Hello, Wanted to change the partition of few nodes. I know one way of doing it is by modifying slurm.conf or can we use scontrol command to make changes. the nodes which I'm trying to move has running jobs on them so should I put the jobs on hold and resume after changing or is there a better way to do it without affecting any jobs? After modifying my changes can I uses scontrol reconfigure to update slurm.conf without slurmctld service restart as it terminates all the other jobs running? Thanks
*** Ticket 13597 has been marked as a duplicate of this ticket. ***
Savita, You can in fact change the node definition on a partition with running jobs and those jobs will continue to run. This can be done by editing slurm.conf and executing a "scontrol reconfigure" or temporarily by updating the partition with scontrol. For example: $ sinfo PARTITION AVAIL TIMELIMIT NODES STATE NODELIST highPrio up 2:00:00 5 idle n[1-5] defq* up infinite 5 idle n[1-5] control up infinite 1 idle n1 debug up infinite 1 idle n1 > $ scontrol update partitionname=defq nodes=n[3-5] $ sinfo PARTITION AVAIL TIMELIMIT NODES STATE NODELIST highPrio up 2:00:00 2 mix n[1-2] highPrio up 2:00:00 3 idle n[3-5] defq* up infinite 3 idle n[3-5] control up infinite 1 mix n1 debug up infinite 1 mix n1 > $ scontrol update partitionname=control nodes=n[1-2] $ sinfo PARTITION AVAIL TIMELIMIT NODES STATE NODELIST highPrio up 2:00:00 2 mix n[1-2] highPrio up 2:00:00 3 idle n[3-5] defq* up infinite 3 idle n[3-5] control up infinite 2 mix n[1-2] debug up infinite 1 mix n1 The only caution I would offer is if you are adding or removing nodes from the slurm.conf.
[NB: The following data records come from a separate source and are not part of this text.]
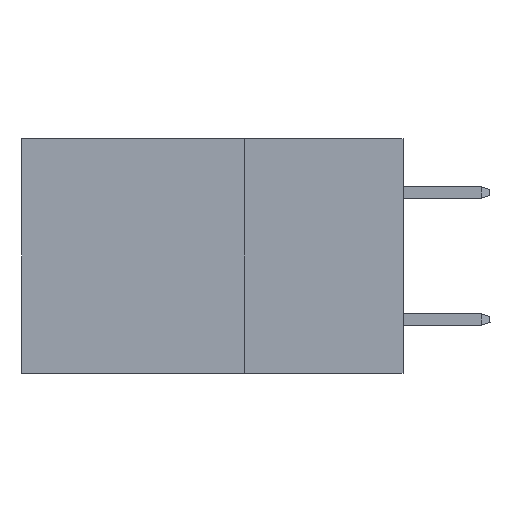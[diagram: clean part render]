
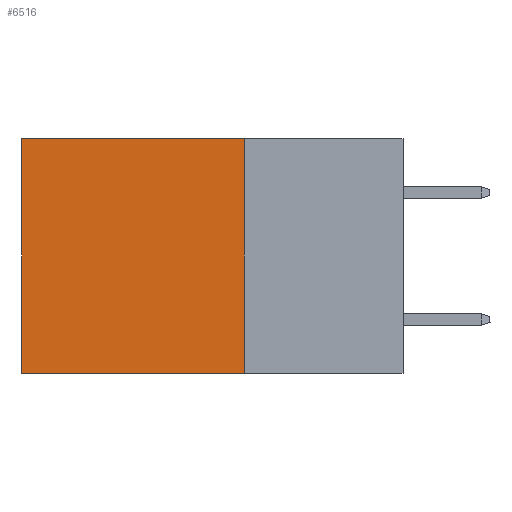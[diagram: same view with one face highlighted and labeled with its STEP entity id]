
A CAD part, left-side view. The second image highlights one B-rep face of the part: STEP entity #6516.
In plain terms, the highlighted planar face has unit normal (-1, 0, 0).
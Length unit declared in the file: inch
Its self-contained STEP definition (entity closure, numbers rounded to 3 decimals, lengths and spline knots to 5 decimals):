
#479 = CARTESIAN_POINT ( 'NONE',  ( 0.2875, 0.25, 0. ) ) ;
#618 = VECTOR ( 'NONE', #9864, 39.37008 ) ;
#642 = ORIENTED_EDGE ( 'NONE', *, *, #9288, .F. ) ;
#988 = VECTOR ( 'NONE', #9049, 39.37008 ) ;
#1208 = CARTESIAN_POINT ( 'NONE',  ( 0.2875, 0.25, -0.37 ) ) ;
#1748 = DIRECTION ( 'NONE',  ( 0., 0., -1. ) ) ;
#1860 = VERTEX_POINT ( 'NONE', #9629 ) ;
#1961 = LINE ( 'NONE', #12663, #13744 ) ;
#2626 = LINE ( 'NONE', #12592, #988 ) ;
#3062 = EDGE_LOOP ( 'NONE', ( #10342, #642, #13132, #3841 ) ) ;
#3712 = PLANE ( 'NONE',  #4005 ) ;
#3841 = ORIENTED_EDGE ( 'NONE', *, *, #6038, .T. ) ;
#4005 = AXIS2_PLACEMENT_3D ( 'NONE', #479, #4855, #13072 ) ;
#4148 = VERTEX_POINT ( 'NONE', #5876 ) ;
#4855 = DIRECTION ( 'NONE',  ( 1., 0., 0. ) ) ;
#5200 = EDGE_CURVE ( 'NONE', #1860, #4148, #1961, .T. ) ;
#5876 = CARTESIAN_POINT ( 'NONE',  ( 0.2875, 0.6, -0.37 ) ) ;
#5907 = FACE_OUTER_BOUND ( 'NONE', #3062, .T. ) ;
#6038 = EDGE_CURVE ( 'NONE', #8050, #1860, #2626, .T. ) ;
#6305 = VERTEX_POINT ( 'NONE', #8557 ) ;
#6516 = ADVANCED_FACE ( 'NONE', ( #5907 ), #3712, .F. ) ;
#6661 = VECTOR ( 'NONE', #7669, 39.37008 ) ;
#7669 = DIRECTION ( 'NONE',  ( 0., 1., 0. ) ) ;
#7808 = LINE ( 'NONE', #11098, #618 ) ;
#8050 = VERTEX_POINT ( 'NONE', #13715 ) ;
#8557 = CARTESIAN_POINT ( 'NONE',  ( 0.2875, 0.25, -0.37 ) ) ;
#9049 = DIRECTION ( 'NONE',  ( 0., 1., 0. ) ) ;
#9288 = EDGE_CURVE ( 'NONE', #6305, #4148, #13138, .T. ) ;
#9629 = CARTESIAN_POINT ( 'NONE',  ( 0.2875, 0.6, 0. ) ) ;
#9864 = DIRECTION ( 'NONE',  ( 0., 0., -1. ) ) ;
#10342 = ORIENTED_EDGE ( 'NONE', *, *, #5200, .T. ) ;
#11098 = CARTESIAN_POINT ( 'NONE',  ( 0.2875, 0.25, 0. ) ) ;
#11654 = EDGE_CURVE ( 'NONE', #8050, #6305, #7808, .T. ) ;
#12592 = CARTESIAN_POINT ( 'NONE',  ( 0.2875, 0.25, 0. ) ) ;
#12663 = CARTESIAN_POINT ( 'NONE',  ( 0.2875, 0.6, 0. ) ) ;
#13072 = DIRECTION ( 'NONE',  ( 0., 0., -1. ) ) ;
#13132 = ORIENTED_EDGE ( 'NONE', *, *, #11654, .F. ) ;
#13138 = LINE ( 'NONE', #1208, #6661 ) ;
#13715 = CARTESIAN_POINT ( 'NONE',  ( 0.2875, 0.25, 0. ) ) ;
#13744 = VECTOR ( 'NONE', #1748, 39.37008 ) ;

If that is the case then you should have a look at the following link. https://slurm.schedmd.com/faq.html#add_nodes
Hello Jason, In our case we have 2 partition(test1 and test2). There are 4 nodes that I want remove from test1 partition but jobs are running on test1 partition using those nodes. Nodes are already assigned to test2 partition. So all I want to do is to remove it from test1 partition by editing slurm.conf but on doing so will I terminate the jobs running under test1 partition on those nodes. do I have to restart slurmctld as I'm removing the nodes from one partition? Thanks
No, the jobs will continue to run. Slurm will not cancel the jobs even if they are no longer part of any partition. You can edit the slurm.conf and issue a scontrol reconfigure. A restart is not needed.
I am resolving this issue. Please feel free to re-open if you have further questions regarding this case.